# 1. Biber Advents Cup



## Meeresangler_Schwerin (21. September 2005)

Moin Leute,
ich habe eben eine Auschreibung gefunden die ich euch auch mal zeigen wollte. Ich denke ich werde mir die Veranstaltung ansehen und mitmachen. 
Wie sieht es aus, wolln wir nicht mal wieder ne Boardiefete da machen wie beim  Exori Cup?
Guckt mal in die Ausschreibung!


----------



## Klaus S. (21. September 2005)

*AW: 1. Biber Advents Cup*

Hallo Jörg #h ,

das hört sich ja nicht schlecht an #6 #6. Seid ihr dann auch wieder mit 2 Mannschafften dort vertreten? Würden überhaupt genug Übernachtungsmöglichkeiten vorhanden sein? Achja, @Aga wollte Anfang Dezember den 2. Tunkencup starten, hoffentlich überschneidet sich das jetzt nicht. Bis wann müßte man sich angemeldet haben?

Gruß aus Berlin
Klaus


----------



## Meeresangler_Schwerin (21. September 2005)

*AW: 1. Biber Advents Cup*

Moin Klaus,
all deine Fragen kann ich dir leider auch nicht beatworten. Ruf doch mal an dort bei FP. Die Nummer ist 0451 8130030


----------



## Angelfiete2001 (21. September 2005)

*AW: 1. Biber Advents Cup*

Irgendwo hier habe ich gelesen, das am ersten Samstag im Dezember auch der Großmann-Cup statt findet.
Wäre also der gleiche Termin.


----------



## Agalatze (22. September 2005)

*AW: 1. Biber Advents Cup*

das ist ne super idee !!!
mit großmann cup ist wohl noch fraglich ob der stattfindet.
ich wäre klar dafür wieder ein paar teams zu stellen.
klasse idee jörg !!!!!


----------



## Meeresangler_Schwerin (22. September 2005)

*AW: 1. Biber Advents Cup*



			
				Agalatze schrieb:
			
		

> das ist ne super idee !!!
> mit großmann cup ist wohl noch fraglich ob der stattfindet.
> ich wäre klar dafür wieder ein paar teams zu stellen.
> klasse idee jörg !!!!!


sag ich doch Aga. 
Ich weis nur noch nicht ob das auch mit Tams ist oder nur für Einzelangler. Aber das kann man ja noch rauskriegen. Ich werde da mal anrufen.


----------



## Agalatze (22. September 2005)

*AW: 1. Biber Advents Cup*

ach du weisst doch wie das ist jörg !!!
wir sind doch alle ne große familie (team) :m
hauptsache viele sind dabei


----------



## Meeresangler_Schwerin (22. September 2005)

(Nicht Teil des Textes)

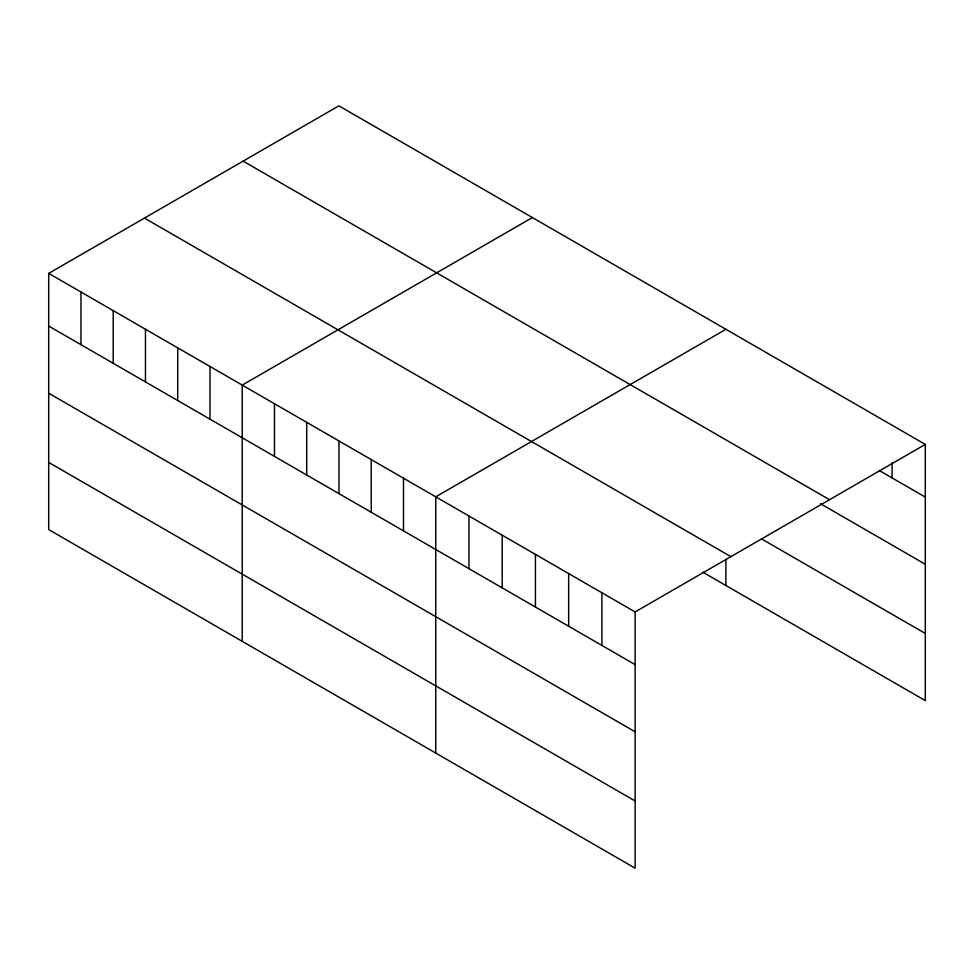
<?xml version="1.0" encoding="UTF-8"?>
<svg xmlns="http://www.w3.org/2000/svg" width="974" height="974" viewBox="0 0 974 974"><rect width="100%" height="100%" fill="white"/><g stroke="black" fill="none" stroke-linecap="round" stroke-linejoin="round"><path stroke-width="1.46" d="M48.7 273.377L635.121 611.94L635.121 868.163L48.7 529.588L48.7 273.377L338.879 105.837L925.3 444.412L925.3 700.623L702.692 572.103M532.401 217.567L242.222 385.107L242.222 641.318M725.91 329.297L435.743 496.825L435.743 753.048M635.121 611.94L925.3 444.412M879.291 470.515L925.3 497.081M243.123 161.124L829.544 499.699M820.498 503.741L925.3 564.25M761.705 538.999L925.3 633.453M144.456 218.091L730.877 556.653M48.7 326.047L635.121 664.609M48.7 393.216L635.121 731.778M48.7 462.419L635.121 800.981M892.074 462.845L892.074 477.893M725.91 559.234L725.91 585.508M601.895 592.752L601.895 645.421M568.658 573.576L568.658 626.233M535.432 554.389L535.432 607.058M502.207 535.201L502.207 587.87M468.969 516.013L468.969 568.682M403.492 478.21L403.492 530.879M371.228 459.582L371.228 512.251M338.976 440.966L338.976 493.635M306.725 422.339L306.725 475.008M274.473 403.723L274.473 456.392M209.97 366.48L209.97 419.149M177.718 347.864L177.718 400.521M145.455 329.236L145.455 381.905M113.203 310.621L113.203 363.278M80.952 291.993L80.952 344.662"/></g></svg>

*AW: 1. Biber Advents Cup*

So Leute ich habe jetzt mal mit Alexander vom FP telefoniert. Ich muß sagen das alles hört sich ganz gut an so das ich mich direkt angemeldet habe.
Zur Sache.
Die Veranstaltung findet im Hof Bollbrüge statt. Das ist ein restaurierter Bauernhof mit ca. 70 Übernachtungsmöglichkeiten die direkt im Hof gebucht werden können. Die Übernachtung ist incl. Frühstück. Preis weis ich leider nicht. Am Ende verlinke ich noch mal eine PDF von der Ausschreibung das steht dann alles zu dem Hof geschrieben.
Jedenfalls ist in der Startgebühr von 25 Euro das gemeinsame grillen nach dem Angeln enthalten. Dort steht ein großer Schwenkgrill (Indoor) wo nach dem Angeln die Party steigen soll.
Preise gibt es auch wie üblich, und zwar für die Platzierungen Pokale und dann eine Tombola. Wo angestrebt wird das jeder was bekommt. Wurde mir so gesagt. 
Es wird kein Manschaftsangeln sondern nur Einzelwertung geben.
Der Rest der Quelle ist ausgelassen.